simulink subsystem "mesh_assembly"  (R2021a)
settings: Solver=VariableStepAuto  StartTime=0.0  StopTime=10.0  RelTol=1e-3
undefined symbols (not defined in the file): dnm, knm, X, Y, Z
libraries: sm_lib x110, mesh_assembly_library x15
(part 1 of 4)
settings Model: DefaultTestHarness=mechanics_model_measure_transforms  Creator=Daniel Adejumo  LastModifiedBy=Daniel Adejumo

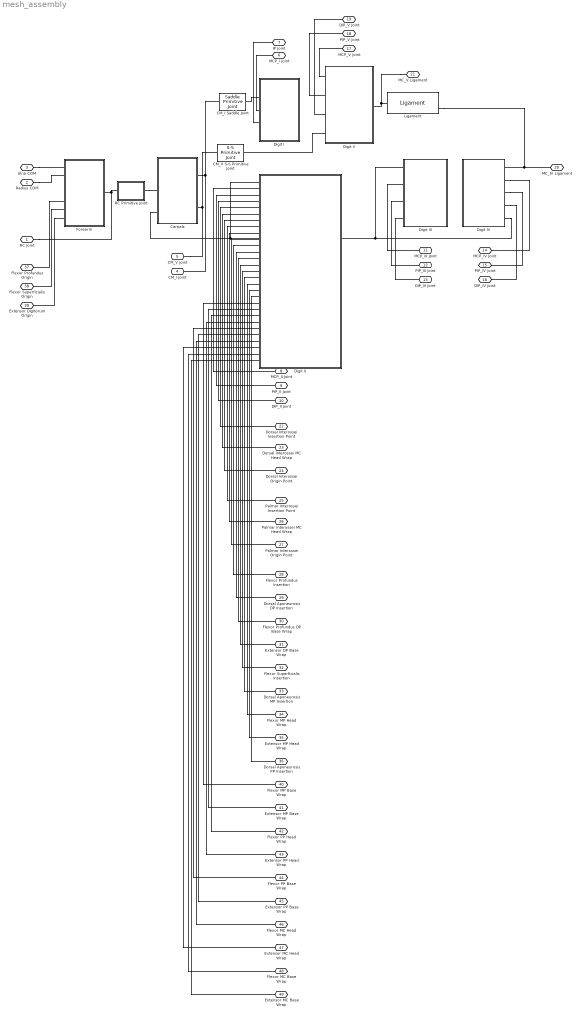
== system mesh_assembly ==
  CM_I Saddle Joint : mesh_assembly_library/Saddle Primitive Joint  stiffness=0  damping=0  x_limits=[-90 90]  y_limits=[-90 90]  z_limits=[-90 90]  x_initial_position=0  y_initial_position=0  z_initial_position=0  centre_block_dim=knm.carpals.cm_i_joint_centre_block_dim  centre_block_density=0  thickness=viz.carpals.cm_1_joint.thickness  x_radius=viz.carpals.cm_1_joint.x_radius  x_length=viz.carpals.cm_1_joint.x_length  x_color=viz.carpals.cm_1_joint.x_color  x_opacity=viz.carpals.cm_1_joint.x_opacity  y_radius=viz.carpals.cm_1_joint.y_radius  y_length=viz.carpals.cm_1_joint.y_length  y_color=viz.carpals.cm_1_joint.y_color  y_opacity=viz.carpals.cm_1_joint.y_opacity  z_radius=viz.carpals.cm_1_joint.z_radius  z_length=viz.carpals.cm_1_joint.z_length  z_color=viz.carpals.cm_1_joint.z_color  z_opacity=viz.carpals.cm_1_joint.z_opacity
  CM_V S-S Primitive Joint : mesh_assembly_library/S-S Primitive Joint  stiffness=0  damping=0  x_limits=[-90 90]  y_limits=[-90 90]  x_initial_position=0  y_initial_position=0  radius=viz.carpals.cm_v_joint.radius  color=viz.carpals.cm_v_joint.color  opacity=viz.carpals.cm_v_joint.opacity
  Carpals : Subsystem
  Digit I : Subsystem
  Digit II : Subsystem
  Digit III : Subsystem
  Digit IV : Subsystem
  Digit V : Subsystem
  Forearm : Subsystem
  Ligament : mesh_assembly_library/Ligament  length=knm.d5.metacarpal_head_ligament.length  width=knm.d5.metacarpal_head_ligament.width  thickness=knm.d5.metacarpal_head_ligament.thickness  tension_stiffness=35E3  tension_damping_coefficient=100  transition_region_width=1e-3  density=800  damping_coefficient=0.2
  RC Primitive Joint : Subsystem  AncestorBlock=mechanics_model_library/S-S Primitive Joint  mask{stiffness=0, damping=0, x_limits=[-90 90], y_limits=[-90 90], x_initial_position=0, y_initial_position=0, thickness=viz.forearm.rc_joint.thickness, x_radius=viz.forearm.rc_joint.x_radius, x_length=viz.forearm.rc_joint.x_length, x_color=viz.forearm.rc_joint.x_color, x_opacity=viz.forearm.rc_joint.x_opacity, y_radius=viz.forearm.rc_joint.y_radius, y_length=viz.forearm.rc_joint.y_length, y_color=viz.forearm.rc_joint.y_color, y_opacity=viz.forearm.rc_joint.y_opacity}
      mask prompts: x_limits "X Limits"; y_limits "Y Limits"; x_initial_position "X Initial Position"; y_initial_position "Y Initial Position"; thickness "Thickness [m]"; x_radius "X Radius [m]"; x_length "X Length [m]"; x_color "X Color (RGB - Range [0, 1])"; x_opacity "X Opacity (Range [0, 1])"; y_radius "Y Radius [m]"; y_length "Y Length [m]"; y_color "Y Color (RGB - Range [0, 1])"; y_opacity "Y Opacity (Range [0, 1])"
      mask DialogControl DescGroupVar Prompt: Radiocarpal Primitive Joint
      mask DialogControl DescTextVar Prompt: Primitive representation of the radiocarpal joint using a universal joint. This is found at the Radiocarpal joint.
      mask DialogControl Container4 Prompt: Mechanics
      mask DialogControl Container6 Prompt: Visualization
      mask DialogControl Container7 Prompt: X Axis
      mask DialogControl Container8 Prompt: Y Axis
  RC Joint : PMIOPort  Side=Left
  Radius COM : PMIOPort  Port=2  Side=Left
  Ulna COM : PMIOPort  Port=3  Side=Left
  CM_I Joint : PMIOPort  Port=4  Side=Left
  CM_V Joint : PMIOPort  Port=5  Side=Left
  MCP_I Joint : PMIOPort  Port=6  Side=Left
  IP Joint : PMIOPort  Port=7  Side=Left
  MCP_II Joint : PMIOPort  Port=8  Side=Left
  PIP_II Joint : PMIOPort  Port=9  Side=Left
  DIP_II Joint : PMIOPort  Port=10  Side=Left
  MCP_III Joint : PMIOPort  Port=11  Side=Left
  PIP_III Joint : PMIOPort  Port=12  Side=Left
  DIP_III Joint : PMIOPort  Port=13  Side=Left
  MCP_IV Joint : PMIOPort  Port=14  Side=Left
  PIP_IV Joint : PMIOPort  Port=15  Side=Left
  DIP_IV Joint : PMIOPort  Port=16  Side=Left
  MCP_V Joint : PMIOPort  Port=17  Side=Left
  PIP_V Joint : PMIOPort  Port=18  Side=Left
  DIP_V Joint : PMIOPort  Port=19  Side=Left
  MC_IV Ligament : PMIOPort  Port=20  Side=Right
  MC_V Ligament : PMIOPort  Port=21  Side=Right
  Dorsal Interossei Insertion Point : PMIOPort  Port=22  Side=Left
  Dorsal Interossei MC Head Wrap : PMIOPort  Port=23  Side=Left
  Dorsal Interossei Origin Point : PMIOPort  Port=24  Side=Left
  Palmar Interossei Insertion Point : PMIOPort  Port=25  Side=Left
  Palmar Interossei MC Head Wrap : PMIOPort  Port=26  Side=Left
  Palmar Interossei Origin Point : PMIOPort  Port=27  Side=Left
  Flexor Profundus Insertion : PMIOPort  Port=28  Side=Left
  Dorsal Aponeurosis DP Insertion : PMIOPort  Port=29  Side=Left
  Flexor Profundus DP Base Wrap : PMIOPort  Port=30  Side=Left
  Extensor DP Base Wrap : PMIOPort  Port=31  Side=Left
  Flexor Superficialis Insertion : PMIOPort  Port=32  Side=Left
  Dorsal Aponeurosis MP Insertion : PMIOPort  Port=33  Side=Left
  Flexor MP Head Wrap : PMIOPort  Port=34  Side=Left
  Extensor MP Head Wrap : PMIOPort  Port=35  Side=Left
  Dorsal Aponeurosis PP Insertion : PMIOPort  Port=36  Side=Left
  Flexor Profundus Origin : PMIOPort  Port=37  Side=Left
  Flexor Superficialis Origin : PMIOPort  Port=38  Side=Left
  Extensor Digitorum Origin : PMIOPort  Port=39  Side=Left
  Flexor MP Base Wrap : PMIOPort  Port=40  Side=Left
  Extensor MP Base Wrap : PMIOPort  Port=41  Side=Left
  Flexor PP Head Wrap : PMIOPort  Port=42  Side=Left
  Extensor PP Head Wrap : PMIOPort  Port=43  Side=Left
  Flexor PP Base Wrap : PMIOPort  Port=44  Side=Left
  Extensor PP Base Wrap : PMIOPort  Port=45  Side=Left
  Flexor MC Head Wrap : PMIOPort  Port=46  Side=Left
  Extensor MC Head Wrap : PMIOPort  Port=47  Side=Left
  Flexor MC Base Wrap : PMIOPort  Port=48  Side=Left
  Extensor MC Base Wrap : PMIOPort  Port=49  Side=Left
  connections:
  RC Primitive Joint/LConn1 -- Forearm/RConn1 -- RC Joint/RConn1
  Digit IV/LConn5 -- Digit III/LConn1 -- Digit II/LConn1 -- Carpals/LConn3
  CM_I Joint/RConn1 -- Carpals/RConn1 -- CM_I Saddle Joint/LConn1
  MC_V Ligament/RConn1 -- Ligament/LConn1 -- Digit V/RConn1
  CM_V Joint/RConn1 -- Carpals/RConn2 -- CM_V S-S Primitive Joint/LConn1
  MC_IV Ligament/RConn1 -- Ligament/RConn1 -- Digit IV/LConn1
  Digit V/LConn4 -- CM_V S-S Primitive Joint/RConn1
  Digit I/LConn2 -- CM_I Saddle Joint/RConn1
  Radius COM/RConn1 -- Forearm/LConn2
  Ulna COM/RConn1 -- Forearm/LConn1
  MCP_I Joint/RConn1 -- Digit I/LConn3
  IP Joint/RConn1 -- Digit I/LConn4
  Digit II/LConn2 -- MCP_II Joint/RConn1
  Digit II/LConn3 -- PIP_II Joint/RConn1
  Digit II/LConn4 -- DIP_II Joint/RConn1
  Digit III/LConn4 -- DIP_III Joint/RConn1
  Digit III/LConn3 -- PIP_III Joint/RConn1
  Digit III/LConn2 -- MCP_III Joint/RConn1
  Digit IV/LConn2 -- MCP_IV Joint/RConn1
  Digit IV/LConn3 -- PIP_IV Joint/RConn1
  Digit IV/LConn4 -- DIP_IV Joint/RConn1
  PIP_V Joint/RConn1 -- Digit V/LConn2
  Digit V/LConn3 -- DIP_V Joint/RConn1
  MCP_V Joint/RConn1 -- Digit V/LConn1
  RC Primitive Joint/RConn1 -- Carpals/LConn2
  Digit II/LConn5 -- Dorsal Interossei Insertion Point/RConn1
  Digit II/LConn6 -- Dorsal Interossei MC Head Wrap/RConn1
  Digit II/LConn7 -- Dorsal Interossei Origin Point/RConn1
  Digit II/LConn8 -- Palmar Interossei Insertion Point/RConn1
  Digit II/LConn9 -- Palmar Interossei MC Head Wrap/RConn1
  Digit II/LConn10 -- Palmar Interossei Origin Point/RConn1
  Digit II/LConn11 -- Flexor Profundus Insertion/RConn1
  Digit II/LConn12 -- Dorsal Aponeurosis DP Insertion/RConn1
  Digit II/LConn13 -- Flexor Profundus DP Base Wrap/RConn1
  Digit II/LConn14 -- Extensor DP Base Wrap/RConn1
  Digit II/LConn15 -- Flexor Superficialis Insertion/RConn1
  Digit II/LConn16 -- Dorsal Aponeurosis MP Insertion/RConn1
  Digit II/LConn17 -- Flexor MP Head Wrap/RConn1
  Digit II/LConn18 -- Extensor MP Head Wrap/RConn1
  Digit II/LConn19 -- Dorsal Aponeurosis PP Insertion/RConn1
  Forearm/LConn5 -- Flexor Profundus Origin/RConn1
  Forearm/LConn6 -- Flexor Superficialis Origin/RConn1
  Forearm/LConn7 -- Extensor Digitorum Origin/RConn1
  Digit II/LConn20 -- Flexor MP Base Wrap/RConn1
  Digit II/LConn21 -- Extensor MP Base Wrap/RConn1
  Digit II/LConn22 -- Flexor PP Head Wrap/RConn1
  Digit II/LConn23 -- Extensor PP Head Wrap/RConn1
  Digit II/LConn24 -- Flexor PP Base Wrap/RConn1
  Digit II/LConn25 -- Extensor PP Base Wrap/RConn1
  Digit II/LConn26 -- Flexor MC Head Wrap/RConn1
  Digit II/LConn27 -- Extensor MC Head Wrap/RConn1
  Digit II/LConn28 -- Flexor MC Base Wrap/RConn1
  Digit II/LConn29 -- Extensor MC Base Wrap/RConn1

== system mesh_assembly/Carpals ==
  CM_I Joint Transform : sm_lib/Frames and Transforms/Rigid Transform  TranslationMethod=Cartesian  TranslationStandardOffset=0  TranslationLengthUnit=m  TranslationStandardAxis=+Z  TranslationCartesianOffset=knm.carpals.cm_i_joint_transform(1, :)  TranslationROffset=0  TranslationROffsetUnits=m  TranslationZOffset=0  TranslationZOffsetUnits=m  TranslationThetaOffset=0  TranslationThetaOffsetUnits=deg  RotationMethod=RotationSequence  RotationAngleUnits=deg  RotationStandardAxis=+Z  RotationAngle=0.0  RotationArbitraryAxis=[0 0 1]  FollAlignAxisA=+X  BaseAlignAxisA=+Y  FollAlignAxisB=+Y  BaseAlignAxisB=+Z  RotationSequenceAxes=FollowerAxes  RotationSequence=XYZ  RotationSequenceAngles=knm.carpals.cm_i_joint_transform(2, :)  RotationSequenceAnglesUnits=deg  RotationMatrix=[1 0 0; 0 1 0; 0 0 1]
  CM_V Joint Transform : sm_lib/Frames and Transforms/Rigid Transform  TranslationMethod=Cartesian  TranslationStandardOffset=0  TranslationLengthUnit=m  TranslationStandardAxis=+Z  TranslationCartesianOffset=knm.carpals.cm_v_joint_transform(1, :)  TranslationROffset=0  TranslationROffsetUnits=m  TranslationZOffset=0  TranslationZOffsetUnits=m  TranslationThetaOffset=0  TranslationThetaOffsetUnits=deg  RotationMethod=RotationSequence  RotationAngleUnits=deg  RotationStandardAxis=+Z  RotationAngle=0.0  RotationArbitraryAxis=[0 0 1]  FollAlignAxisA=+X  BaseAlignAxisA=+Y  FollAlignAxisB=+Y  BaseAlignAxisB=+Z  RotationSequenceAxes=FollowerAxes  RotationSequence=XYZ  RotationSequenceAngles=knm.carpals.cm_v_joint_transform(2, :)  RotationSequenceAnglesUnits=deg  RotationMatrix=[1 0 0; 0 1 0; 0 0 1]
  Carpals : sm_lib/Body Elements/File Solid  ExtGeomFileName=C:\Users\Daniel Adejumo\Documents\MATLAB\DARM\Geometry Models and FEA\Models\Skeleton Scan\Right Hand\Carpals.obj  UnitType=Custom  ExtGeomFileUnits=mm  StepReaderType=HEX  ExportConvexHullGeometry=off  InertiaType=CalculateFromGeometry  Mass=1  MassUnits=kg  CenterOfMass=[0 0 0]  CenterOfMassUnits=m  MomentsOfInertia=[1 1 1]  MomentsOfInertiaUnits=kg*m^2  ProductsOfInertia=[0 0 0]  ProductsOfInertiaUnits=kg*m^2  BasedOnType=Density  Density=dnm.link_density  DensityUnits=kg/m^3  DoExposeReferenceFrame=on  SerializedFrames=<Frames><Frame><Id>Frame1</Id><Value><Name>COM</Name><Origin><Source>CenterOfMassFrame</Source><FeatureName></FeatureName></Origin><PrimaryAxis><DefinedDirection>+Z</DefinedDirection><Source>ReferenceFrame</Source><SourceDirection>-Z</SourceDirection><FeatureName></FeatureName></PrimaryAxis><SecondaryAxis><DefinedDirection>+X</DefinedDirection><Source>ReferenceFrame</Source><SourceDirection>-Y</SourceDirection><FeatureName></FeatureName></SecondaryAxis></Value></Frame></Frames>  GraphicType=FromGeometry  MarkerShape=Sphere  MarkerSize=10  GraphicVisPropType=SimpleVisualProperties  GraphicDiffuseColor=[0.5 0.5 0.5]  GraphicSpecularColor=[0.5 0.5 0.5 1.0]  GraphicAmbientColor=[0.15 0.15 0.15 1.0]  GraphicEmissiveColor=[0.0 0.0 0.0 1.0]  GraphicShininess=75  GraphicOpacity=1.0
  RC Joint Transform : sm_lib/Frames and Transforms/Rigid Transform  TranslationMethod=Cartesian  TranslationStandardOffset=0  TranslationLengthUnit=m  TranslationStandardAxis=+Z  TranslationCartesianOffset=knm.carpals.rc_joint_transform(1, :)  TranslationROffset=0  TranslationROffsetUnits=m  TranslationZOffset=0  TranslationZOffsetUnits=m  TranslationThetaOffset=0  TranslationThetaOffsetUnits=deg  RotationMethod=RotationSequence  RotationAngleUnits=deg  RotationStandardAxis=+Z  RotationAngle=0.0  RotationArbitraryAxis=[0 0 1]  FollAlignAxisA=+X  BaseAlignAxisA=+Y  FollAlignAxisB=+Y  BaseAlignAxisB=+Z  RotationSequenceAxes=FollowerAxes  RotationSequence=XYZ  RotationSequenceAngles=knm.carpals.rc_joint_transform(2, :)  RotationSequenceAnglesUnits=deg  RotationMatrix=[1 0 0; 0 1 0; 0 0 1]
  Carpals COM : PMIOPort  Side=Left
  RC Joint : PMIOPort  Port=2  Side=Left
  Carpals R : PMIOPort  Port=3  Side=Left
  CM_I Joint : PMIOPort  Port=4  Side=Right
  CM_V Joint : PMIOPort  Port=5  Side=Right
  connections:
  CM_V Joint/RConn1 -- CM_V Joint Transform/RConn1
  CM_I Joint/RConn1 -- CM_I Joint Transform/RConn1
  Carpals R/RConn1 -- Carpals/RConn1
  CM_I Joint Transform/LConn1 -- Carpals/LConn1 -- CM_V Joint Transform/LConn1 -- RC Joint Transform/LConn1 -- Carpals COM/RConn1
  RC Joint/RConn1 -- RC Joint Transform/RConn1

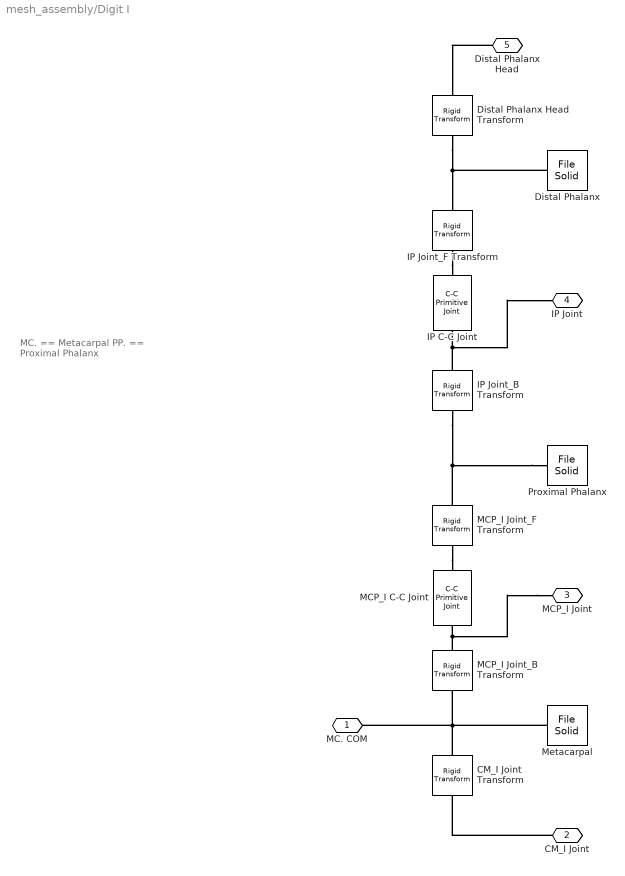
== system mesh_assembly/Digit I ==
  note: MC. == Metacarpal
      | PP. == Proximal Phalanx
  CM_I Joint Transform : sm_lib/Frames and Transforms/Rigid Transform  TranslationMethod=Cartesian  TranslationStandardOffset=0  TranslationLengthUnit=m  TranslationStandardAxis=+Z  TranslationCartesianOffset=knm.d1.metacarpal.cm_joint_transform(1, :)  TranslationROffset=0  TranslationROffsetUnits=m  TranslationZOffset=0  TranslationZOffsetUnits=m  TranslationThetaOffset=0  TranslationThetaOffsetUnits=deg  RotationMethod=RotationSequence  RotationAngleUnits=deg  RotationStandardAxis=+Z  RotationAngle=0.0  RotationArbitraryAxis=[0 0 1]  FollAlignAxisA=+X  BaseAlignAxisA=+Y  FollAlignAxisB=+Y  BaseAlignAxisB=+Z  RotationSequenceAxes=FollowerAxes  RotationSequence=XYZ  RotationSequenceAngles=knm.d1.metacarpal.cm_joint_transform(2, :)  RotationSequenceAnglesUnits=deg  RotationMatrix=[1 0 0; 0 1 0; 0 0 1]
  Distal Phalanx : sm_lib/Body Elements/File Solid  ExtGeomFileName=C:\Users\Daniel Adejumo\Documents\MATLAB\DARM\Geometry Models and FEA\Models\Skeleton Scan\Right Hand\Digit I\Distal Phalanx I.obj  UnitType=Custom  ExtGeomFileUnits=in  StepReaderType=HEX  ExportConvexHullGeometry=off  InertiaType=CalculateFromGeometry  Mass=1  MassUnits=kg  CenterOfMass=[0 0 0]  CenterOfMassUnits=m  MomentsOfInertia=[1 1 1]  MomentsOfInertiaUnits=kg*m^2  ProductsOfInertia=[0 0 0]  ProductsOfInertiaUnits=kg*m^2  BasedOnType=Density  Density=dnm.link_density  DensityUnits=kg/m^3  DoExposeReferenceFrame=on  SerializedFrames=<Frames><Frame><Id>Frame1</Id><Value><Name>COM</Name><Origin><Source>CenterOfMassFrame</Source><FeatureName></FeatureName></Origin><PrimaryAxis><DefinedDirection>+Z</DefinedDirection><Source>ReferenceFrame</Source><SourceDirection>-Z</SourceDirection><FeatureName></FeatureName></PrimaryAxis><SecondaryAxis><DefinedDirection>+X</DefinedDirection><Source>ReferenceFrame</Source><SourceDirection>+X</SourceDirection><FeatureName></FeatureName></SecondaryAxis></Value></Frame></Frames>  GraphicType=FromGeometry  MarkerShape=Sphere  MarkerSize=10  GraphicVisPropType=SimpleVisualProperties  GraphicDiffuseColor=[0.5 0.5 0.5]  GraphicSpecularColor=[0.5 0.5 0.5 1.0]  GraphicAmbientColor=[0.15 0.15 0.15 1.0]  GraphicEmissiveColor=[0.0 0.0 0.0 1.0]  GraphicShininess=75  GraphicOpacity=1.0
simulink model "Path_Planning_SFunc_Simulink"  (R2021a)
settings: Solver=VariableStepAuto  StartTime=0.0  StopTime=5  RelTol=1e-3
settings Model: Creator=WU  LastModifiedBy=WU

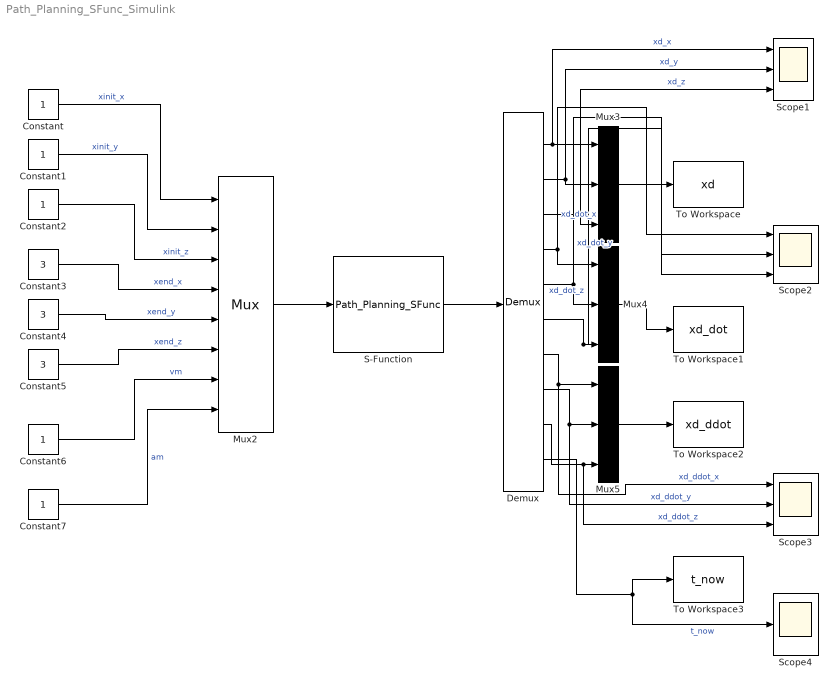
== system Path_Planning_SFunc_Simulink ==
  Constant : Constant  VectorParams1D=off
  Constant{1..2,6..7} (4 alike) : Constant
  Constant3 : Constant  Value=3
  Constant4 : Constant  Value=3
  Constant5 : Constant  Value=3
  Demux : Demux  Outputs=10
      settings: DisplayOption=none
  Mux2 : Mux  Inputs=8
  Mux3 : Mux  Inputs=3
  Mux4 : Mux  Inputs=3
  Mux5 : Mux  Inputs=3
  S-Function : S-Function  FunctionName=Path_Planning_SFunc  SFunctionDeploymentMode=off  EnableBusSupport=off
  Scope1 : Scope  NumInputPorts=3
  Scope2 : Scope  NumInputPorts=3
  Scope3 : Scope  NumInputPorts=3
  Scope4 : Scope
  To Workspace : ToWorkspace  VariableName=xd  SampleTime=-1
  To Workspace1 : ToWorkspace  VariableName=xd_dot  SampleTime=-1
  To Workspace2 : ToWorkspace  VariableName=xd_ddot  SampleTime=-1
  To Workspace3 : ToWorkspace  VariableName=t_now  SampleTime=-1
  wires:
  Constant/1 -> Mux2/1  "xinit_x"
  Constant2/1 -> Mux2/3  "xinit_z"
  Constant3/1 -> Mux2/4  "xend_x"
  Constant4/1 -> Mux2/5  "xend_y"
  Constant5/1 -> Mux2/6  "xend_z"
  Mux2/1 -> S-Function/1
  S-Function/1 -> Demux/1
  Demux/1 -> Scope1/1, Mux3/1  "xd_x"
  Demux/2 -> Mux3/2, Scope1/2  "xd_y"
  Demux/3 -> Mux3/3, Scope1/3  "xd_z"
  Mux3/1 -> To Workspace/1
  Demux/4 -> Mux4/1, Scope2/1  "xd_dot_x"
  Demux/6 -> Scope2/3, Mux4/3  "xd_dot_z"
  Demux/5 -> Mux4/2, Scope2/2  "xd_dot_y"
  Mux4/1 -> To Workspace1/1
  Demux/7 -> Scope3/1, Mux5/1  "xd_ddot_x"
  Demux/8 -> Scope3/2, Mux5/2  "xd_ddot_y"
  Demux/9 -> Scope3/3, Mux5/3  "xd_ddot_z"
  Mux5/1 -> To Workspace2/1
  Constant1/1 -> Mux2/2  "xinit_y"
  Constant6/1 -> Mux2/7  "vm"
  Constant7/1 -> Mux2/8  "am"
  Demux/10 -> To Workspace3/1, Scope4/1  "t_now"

---

◆ BRIEF
Based on the material above, how many lines contain the string "Point"? State the number alone.

◆ ANSWER FOR THE TASK
8